Composition operators on Herz-type Triebel-Lizorkin spaces with application to semilinear parabolic equations

TL;DR

This paper studies composition operators on Herz-type Triebel-Lizorkin spaces and applies the findings to analyze local and global solutions of semilinear parabolic equations with initial data in these spaces.

Contribution

It establishes conditions for composition operators on Herz-type Triebel-Lizorkin spaces and applies these results to semilinear parabolic equations with initial data in these spaces.

Findings

Conditions for G to preserve Herz-type Triebel-Lizorkin spaces

Existence of solutions to semilinear parabolic equations in these spaces

Extension of known results to more general function spaces

Abstract

Let $G:\mathbb{R\rightarrow R}$ be a continuous function. In the first part of this paper, we investigate sufficient conditions on $G$ such that \begin{equation*} \{G(f):f\in \dot{K}_{p,q}^{\alpha }F_{\beta }^{s}\}\subset \dot{K}_{p,q}^{\alpha }F_{\beta }^{s} \end{equation*} holds.
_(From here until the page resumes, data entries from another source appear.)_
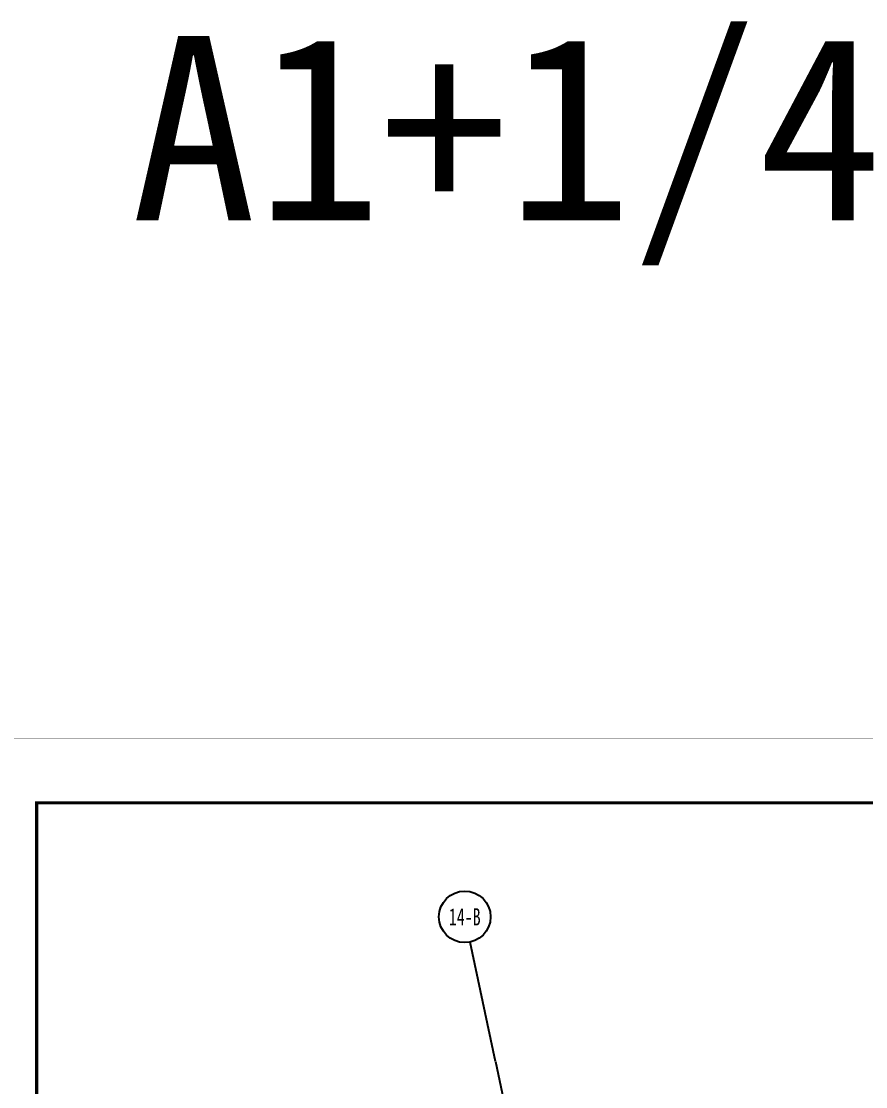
# Model space of a CAD drawing. Extents: x -26219 to 315419, y -160410 to -120810.
# Drawn here: x 179898 to 186441, y -129061 to -120810 of the extents above; entities that cross this region are included whole.
import ezdxf
from ezdxf.enums import TextEntityAlignment as Align

# ---------------------------------------------------------------- set-up
doc = ezdxf.new("R2010")
doc.units = 0
doc.header["$LTSCALE"] = 1000
doc.header["$MEASUREMENT"] = 0
doc.linetypes.add('104-14# 核心筒$1$DOTE', pattern=[2.42, 2, -0.2, 0.02, -0.2])
doc.linetypes.add('DOTE', pattern=[2.42, 2, -0.2, 0.02, -0.2])
for name, color, linetype in [('02-TEXT_标注', 130, 'Continuous'), ('104-14# 核心筒$0$AXIS_TEXT', 7, 'Continuous'), ('104-14# 核心筒$1$01-标注_轴线坐标', 132, 'Continuous'), ('104-14# 核心筒$1$A_AXIS-轴线', 36, '104-14# 核心筒$1$DOTE')]:
    doc.layers.add(name, color=color, linetype=linetype)
doc.styles.add('104-14# 核心筒$1$_TCH_AXIS', font='STXIHEI_0.TTF', dxfattribs={"width": 0.75})
doc.styles.get("Standard").update_dxf_attribs({"font": 'STXIHEI_0.TTF'})

# ---------------------------------------------------------------- blocks, each defined once
blk = doc.blocks.new('图框-A1+1-4')
for points, const_width in [([(0, 0), (1051, 0), (1051, 594), (0, 594)], 0.05), ([(976, 584), (25, 584), (25, 10), (976, 10)], 0.5)]:
    blk.add_lwpolyline(points, close=True, dxfattribs=dict(const_width=const_width))

msp = doc.modelspace()

# ---------------------------------------------------------------- linework, layer by layer
at = {"layer": '104-14# 核心筒$1$01-标注_轴线坐标'}
msp.add_line((183572.4, -128866.2), (183375.8, -127941.3), dxfattribs=at)
msp.add_circle((183334.2, -127745.7), 200, dxfattribs=at)
at = {"layer": '104-14# 核心筒$1$A_AXIS-轴线', "linetype": 'DOTE'}
msp.add_line((183572.4, -128866.2), (185970.5, -140148.2), dxfattribs=at)

# ---------------------------------------------------------------- block references
at = {"xscale": 50, "yscale": 50, "zscale": 50}
msp.add_blockref('图框-A1+1-4', (178767.6, -156062.5), dxfattribs=at)

# ---------------------------------------------------------------- texts
at = {"layer": '02-TEXT_标注', "color": 0}
msp.add_text('A1+1/4', height=1427.13, dxfattribs=at).set_placement((180748.3, -122351.3))
at = {"layer": '104-14# 核心筒$0$AXIS_TEXT', "style": '104-14# 核心筒$1$_TCH_AXIS', "width": 0.916172}
msp.add_text('14-B', height=133, dxfattribs=at).set_placement((183211, -127812.2), (183457.4, -127812.2), align=Align.FIT)

doc.saveas('drawing.dxf')

Here $\dot{K}_{p,q}^{\alpha }F_{\beta }^{s}$ are Herz-type Triebel-Lizorkin spaces. These spaces unify and generalize many classical function spaces such as Lebesgue spaces of power weights, Sobolev and Triebel-Lizorkin spaces of power weights. In the second part of this paper we will study local and global Cauchy problems for the semilinear parabolic equations \begin{equation*} \partial _{t}u-\Delta u=G(u) \end{equation*} with initial data in Herz-type Triebel-Lizorkin spaces. Our results cover the results obtained with initial data in some know function spaces such us fractional Sobolev spaces. Some limit cases are given.